Stored data entries:
+++++
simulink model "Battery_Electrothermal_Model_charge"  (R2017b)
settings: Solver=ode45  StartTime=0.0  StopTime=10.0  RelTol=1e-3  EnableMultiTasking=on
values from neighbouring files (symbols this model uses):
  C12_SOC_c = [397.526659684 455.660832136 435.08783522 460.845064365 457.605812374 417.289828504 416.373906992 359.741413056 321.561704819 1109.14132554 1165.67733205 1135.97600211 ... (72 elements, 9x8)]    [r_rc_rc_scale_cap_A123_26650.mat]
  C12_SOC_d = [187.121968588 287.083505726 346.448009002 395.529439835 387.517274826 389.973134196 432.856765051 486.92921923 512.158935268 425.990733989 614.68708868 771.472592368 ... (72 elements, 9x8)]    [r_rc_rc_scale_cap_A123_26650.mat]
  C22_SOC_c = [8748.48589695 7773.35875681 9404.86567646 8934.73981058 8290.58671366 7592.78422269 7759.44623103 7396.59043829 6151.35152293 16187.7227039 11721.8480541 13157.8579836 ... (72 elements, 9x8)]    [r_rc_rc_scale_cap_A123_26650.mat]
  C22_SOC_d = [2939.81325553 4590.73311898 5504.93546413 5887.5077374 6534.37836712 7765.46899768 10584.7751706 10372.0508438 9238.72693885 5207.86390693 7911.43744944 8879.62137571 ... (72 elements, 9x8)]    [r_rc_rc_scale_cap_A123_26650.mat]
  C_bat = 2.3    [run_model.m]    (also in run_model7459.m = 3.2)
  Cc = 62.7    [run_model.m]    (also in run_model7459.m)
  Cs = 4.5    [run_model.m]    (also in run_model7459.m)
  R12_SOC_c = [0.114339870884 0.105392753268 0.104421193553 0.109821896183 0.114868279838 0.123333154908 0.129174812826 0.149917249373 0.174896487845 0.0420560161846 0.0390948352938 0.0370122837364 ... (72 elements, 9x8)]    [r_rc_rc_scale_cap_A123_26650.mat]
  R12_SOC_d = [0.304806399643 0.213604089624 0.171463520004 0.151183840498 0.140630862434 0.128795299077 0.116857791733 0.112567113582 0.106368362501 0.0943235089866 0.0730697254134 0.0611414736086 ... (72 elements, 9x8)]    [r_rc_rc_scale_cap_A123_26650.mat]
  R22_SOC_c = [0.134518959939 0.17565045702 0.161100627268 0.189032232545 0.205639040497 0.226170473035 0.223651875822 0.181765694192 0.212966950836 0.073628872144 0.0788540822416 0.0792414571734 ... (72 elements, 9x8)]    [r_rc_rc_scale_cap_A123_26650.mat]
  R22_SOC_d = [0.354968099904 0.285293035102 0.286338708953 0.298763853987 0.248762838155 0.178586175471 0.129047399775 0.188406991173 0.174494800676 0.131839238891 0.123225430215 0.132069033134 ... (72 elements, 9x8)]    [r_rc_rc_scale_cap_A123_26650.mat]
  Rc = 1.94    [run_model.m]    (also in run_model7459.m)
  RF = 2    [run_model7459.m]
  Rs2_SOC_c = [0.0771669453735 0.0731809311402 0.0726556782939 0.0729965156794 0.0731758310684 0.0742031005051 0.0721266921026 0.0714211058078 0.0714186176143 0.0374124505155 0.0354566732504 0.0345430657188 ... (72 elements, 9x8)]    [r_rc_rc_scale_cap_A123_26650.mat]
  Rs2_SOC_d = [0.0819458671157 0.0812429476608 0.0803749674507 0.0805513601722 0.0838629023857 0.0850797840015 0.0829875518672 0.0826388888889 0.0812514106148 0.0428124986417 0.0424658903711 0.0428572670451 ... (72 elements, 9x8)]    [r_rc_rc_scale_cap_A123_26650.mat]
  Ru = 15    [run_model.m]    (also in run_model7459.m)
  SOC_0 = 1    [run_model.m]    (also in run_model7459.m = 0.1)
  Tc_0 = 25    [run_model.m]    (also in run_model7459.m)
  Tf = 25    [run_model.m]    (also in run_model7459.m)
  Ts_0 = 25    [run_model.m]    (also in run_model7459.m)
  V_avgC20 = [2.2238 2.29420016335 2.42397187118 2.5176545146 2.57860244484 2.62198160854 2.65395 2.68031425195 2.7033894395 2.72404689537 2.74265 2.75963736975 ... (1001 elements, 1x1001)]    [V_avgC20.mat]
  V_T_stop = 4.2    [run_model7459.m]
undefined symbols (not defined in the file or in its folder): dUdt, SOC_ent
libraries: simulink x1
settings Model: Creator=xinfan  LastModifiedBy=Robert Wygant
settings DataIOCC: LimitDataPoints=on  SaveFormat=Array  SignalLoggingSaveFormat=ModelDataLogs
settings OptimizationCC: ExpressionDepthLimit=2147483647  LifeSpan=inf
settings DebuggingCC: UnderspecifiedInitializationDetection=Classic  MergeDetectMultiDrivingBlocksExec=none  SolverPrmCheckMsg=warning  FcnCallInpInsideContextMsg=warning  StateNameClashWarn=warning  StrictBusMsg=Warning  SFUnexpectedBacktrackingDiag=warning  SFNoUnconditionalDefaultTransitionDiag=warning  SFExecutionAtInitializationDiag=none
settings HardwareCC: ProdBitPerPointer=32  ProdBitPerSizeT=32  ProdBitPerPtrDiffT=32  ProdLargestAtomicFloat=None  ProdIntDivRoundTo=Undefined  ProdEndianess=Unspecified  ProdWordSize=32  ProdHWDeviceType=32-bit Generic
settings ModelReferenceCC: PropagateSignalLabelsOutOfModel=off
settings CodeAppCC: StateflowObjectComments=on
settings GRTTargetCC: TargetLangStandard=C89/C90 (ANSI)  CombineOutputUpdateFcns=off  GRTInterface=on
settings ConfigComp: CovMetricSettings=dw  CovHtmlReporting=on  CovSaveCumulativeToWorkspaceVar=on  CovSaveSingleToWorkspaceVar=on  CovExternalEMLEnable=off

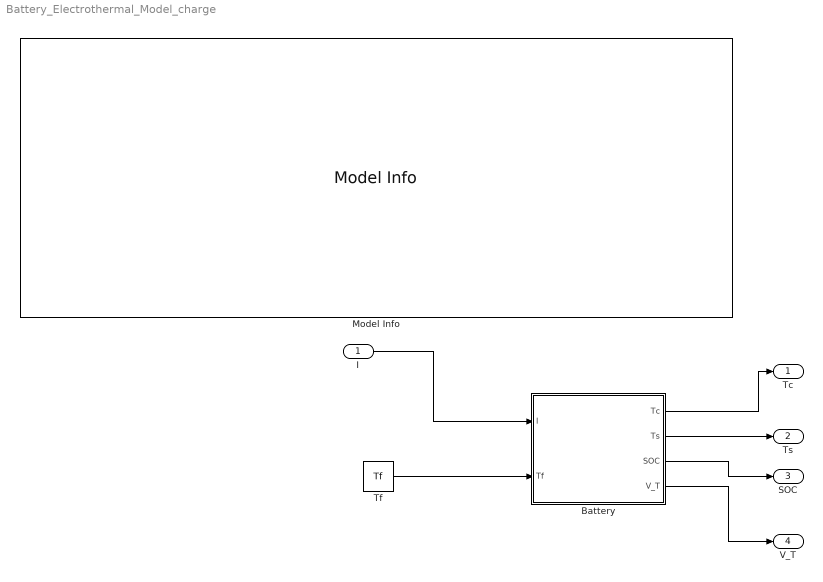
== system Battery_Electrothermal_Model_charge ==
  I : Inport  Interpolate=off
  Battery : Subsystem
  Model Info : simulink/Model-Wide Utilities/Model Info  Frame=on  DisplayStringWithTags=|  HorizontalTextAlignment=Left  LeftAlignmentValue=0.02
      | COPYRIGHT  2013
      | THE REGENTS OF THE UNIVERSITY OF MICHIGAN
      | ALL RIGHTS RESERVED
      | 
      | PERMISSION IS GRANTED TO USE, COPY AND REDISTRIBUTE THIS SOFTWARE FOR NONCOMMERCIAL EDUCATION AND RESEARCH
      | PURPOSES, SO LONG AS NO FEE IS CHARGED, AND SO LONG AS THE COPYRIGHT NOTICE ABOVE, THIS GRANT OF PERMISSION, 
      | AND THE DISCLAIMER BELOW APPEAR IN ALL COPIES MADE; AND SO LONG AS THE NAME OF THE UNIVERSITY OF MICHIGAN IS NOT 
      | USED IN ANY ADVERTISING OR PUBLICITY PERTAINING TO THE USE OR DISTRIBUTION OF THIS SOFTWARE WITHOUT SPECIFIC, 
      | WRITTEN PRIOR AUTHORIZATION.  PERMISSION TO MODIFY OR OTHERWISE CREATE DERIVATIVE WORKS OF THIS SOFTWARE 
      | IS NOT GRANTED.
      | 
      | THIS USE OF THIS SOFTWARE REQUIRES MATLAB(TM) AND SIMULINK(TM), A LICENSED PRODUCT OF THE MATHWORKS, INC. 
      | THE SOFTWARE USER IS SOLELY RESOPNSIBLE FOR OBTAINTING AN APPROPRIATE LICENSE FOR MATLAB(TM) AND SIMULINK(TM).  
      | NO LICENSE TO MATLAB(TM) AND SIMULINK(TM) IS GRANTED, INFERRED OR IMPLIED BY THE DISTRIBUTION OF THIS SOFTWARE.
      | 
      | THIS SOFTWARE IS PROVIDED AS IS, WITHOUT REPRESENTATION AS TO ITS FITNESS FOR ANY PURPOSE, AND WITHOUT WARRANTY 
      | OF ANY KIND, EITHER EXPRESS OR IMPLIED, INCLUDING WITHOUT LIMITATION THE IMPLIED WARRANTIES OF MERCHANTABILITY AND
      | FITNESS FOR A PARTICULAR PURPOSE. THE REGENTS OF THE UNIVERSITY OF MICHIGAN SHALL NOT BE LIABLE FOR ANY DAMAGES,
      | INCLUDING SPECIAL, INDIRECT, INCIDENTAL, OR CONSEQUENTIAL DAMAGES, WITH RESPECT TO ANY CLAIM ARISING OUT OF OR IN
      | CONNECTION WITH THE USE OF THE SOFTWARE, EVEN IF IT HAS BEEN OR IS HEREAFTER ADVISED OF THE POSSIBILITY OF SUCH 
      | DAMAGES.
  Tf : Constant  Value=Tf
  Tc : Outport
  Ts : Outport  Port=2
  SOC : Outport  Port=3
  V_T : Outport  Port=4
  wires:
  Tf/1 -> Battery/2(Tf)
  I/1 -> Battery/1(I)
  Battery/1(Tc) -> Tc/1
  Battery/2(Ts) -> Ts/1
  Battery/3(SOC) -> SOC/1
  Battery/4(V_T) -> V_T/1

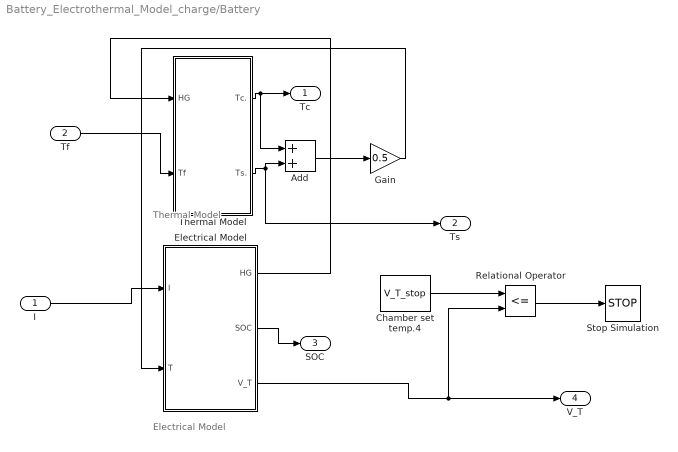
== system Battery_Electrothermal_Model_charge/Battery ==
  note: Electrical Model
  note: Thermal Model
  I : Inport  Interpolate=off
  Tf : Inport  Port=2
  Add : Sum
  Chamber set temp.4 : Constant  Value=V_T_stop
  Electrical Model : Subsystem  Tag=electrical
  Gain : Gain  Gain=0.5
  Relational Operator : RelationalOperator  Operator=<=  OutDataTypeStr=boolean  RndMeth=Simplest
  Stop Simulation : Stop
  Thermal Model : Subsystem
  Tc : Outport
  Ts : Outport  Port=2
  SOC : Outport  Port=3
  V_T : Outport  Port=4
  wires:
  Thermal Model/1(Tc.) -> Add/1, Tc/1
  Electrical Model/1(HG) -> Thermal Model/1(HG)
  Thermal Model/2(Ts.) -> Add/2, Ts/1
  Add/1 -> Gain/1
  Tf/1 -> Thermal Model/2(Tf)
  Gain/1 -> Electrical Model/2(T)
  Relational Operator/1 -> Stop Simulation/1
  Chamber set temp.4/1 -> Relational Operator/1
  I/1 -> Electrical Model/1(I)
  Electrical Model/2(SOC) -> SOC/1
  Electrical Model/3(V_T) -> Relational Operator/2, V_T/1

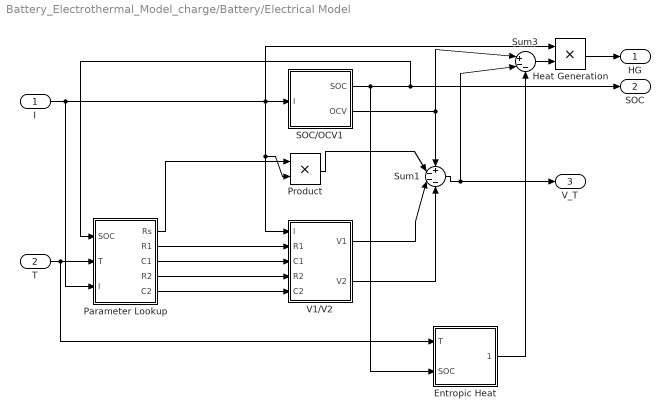
== system Battery_Electrothermal_Model_charge/Battery/Electrical Model ==
  I : Inport
  T : Inport  Port=2
  Entropic Heat : Subsystem
  Heat Generation : Product  RndMeth=Zero
  Parameter Lookup : Subsystem
  Product : Product  RndMeth=Zero
  SOC/OCV1 : Subsystem
  Sum1 : Sum  Inputs=+---
  Sum3 : Sum  Inputs=|+--
  V1/V2 : Subsystem
  HG : Outport
  SOC : Outport  Port=2
  V_T : Outport  Port=3
  wires:
  I/1 -> Parameter Lookup/3(I), Heat Generation/1, Product/2, V1/V2/1(I), SOC/OCV1/1(I)
  V1/V2/1(V1) -> Sum1/3
  Sum1/1 -> V_T/1, Sum3/2
  SOC/OCV1/1(SOC) -> Parameter Lookup/1(SOC), SOC/1, Entropic Heat/2(SOC)
  Product/1 -> Sum1/2
  Sum3/1 -> Heat Generation/2
  SOC/OCV1/2(OCV) -> Sum3/1, Sum1/1
  Parameter Lookup/1(Rs) -> Product/1
  Parameter Lookup/2(R1) -> V1/V2/2(R1)
  Parameter Lookup/4(R2) -> V1/V2/4(R2)
  T/1 -> Parameter Lookup/2(T), Entropic Heat/1(T)
  Heat Generation/1 -> HG/1
  Parameter Lookup/3(C1) -> V1/V2/3(C1)
  Parameter Lookup/5(C2) -> V1/V2/5(C2)
  V1/V2/2(V2) -> Sum1/4
  Entropic Heat/1(HG_ent) -> Sum3/3

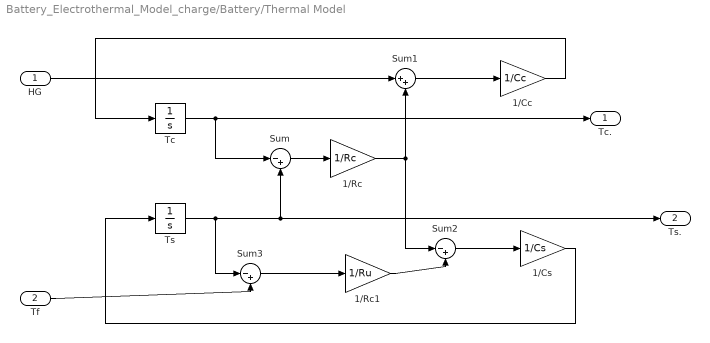
== system Battery_Electrothermal_Model_charge/Battery/Thermal Model ==
  HG : Inport
  Tf : Inport  Port=2
  1/Cc : Gain  Gain=1/Cc
  1/Cs : Gain  Gain=1/Cs
  1/Rc : Gain  Gain=1/Rc
  1/Rc1 : Gain  Gain=1/Ru
  Sum : Sum  Inputs=|-+
  Sum1 : Sum  Inputs=|++
  Sum2 : Sum  Inputs=|-+
  Sum3 : Sum  Inputs=|-+
  Tc : Integrator  InitialCondition=Tc_0
  Ts : Integrator  InitialCondition=Ts_0
  Tc. : Outport
  Ts. : Outport  Port=2
  wires:
  HG/1 -> Sum1/1
  Tf/1 -> Sum3/2
  Ts/1 -> Sum3/1, Sum/2, Ts./1
  Tc/1 -> Sum/1, Tc./1
  Sum/1 -> 1/Rc/1
  1/Rc/1 -> Sum2/1, Sum1/2
  Sum1/1 -> 1/Cc/1
  1/Cc/1 -> Tc/1
  Sum2/1 -> 1/Cs/1
  1/Cs/1 -> Ts/1
  Sum3/1 -> 1/Rc1/1
  1/Rc1/1 -> Sum2/2

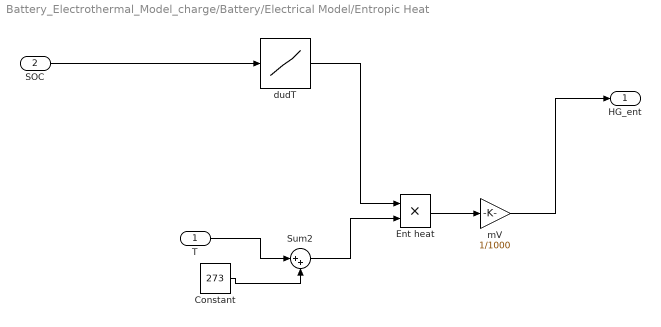
== system Battery_Electrothermal_Model_charge/Battery/Electrical Model/Entropic Heat ==
  T : Inport
  SOC : Inport  Port=2
  Constant : Constant  Value=273
  Ent heat : Product  RndMeth=Zero
  Sum2 : Sum  Inputs=|++
  dudT : Lookup  InputValues=SOC_ent  Table=dUdt
  mV : Gain  Gain=1/1000
  HG_ent : Outport
  wires:
  Sum2/1 -> Ent heat/2
  Constant/1 -> Sum2/2
  T/1 -> Sum2/1
  dudT/1 -> Ent heat/1
  Ent heat/1 -> mV/1
  SOC/1 -> dudT/1
  mV/1 -> HG_ent/1

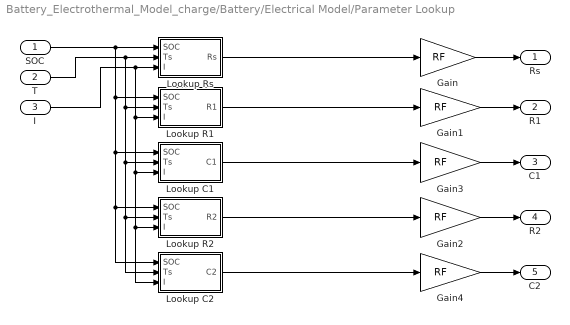
== system Battery_Electrothermal_Model_charge/Battery/Electrical Model/Parameter Lookup ==
  SOC : Inport
  T : Inport  Port=2
  I : Inport  Port=3
  Gain{,1..4} (5 alike) : Gain  Gain=RF
  Lookup C1 : Subsystem
  Lookup C2 : Subsystem
  Lookup R1 : Subsystem
  Lookup R2 : Subsystem
  Lookup Rs : Subsystem
  Rs : Outport
  R1 : Outport  Port=2
  C1 : Outport  Port=3
  R2 : Outport  Port=4
  C2 : Outport  Port=5
  wires:
  SOC/1 -> Lookup Rs/1(SOC), Lookup R1/1(SOC), Lookup C1/1(SOC), Lookup R2/1(SOC), Lookup C2/1(SOC)
  T/1 -> Lookup Rs/2(Ts), Lookup R1/2(Ts), Lookup C1/2(Ts), Lookup R2/2(Ts), Lookup C2/2(Ts)
  I/1 -> Lookup Rs/3(I), Lookup R1/3(I), Lookup C1/3(I), Lookup R2/3(I), Lookup C2/3(I)
  Lookup Rs/1(Rs) -> Gain/1
  Gain3/1 -> C1/1
  Lookup C2/1(C2) -> Gain4/1
  Gain4/1 -> C2/1
  Gain2/1 -> R2/1
  Lookup R2/1(R2) -> Gain2/1
  Gain1/1 -> R1/1
  Gain/1 -> Rs/1
  Lookup R1/1(R1) -> Gain1/1
  Lookup C1/1(C1) -> Gain3/1

== system Battery_Electrothermal_Model_charge/Battery/Electrical Model/SOC//OCV1 ==
  I : Inport
  Avg : Lookup  InputValues=[0:0.001:1]  Table=V_avgC20  LookUpMeth=Interpolation-Use End Values
  Gain1 : Gain  Gain=-1/(3600*C_bat)
  Integrator : Integrator  InitialCondition=SOC_0
  SOC : Outport
  OCV : Outport  Port=2
  wires:
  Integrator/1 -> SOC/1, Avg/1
+++++
__PROBLEM REQUIREMENTS__. Copy down each line in the entries that has the word "PERMISSION".

__TASK ANSWER__.
      | PERMISSION IS GRANTED TO USE, COPY AND REDISTRIBUTE THIS SOFTWARE FOR NONCOMMERCIAL EDUCATION AND RESEARCH
      | PURPOSES, SO LONG AS NO FEE IS CHARGED, AND SO LONG AS THE COPYRIGHT NOTICE ABOVE, THIS GRANT OF PERMISSION, 
      | WRITTEN PRIOR AUTHORIZATION.  PERMISSION TO MODIFY OR OTHERWISE CREATE DERIVATIVE WORKS OF THIS SOFTWARE 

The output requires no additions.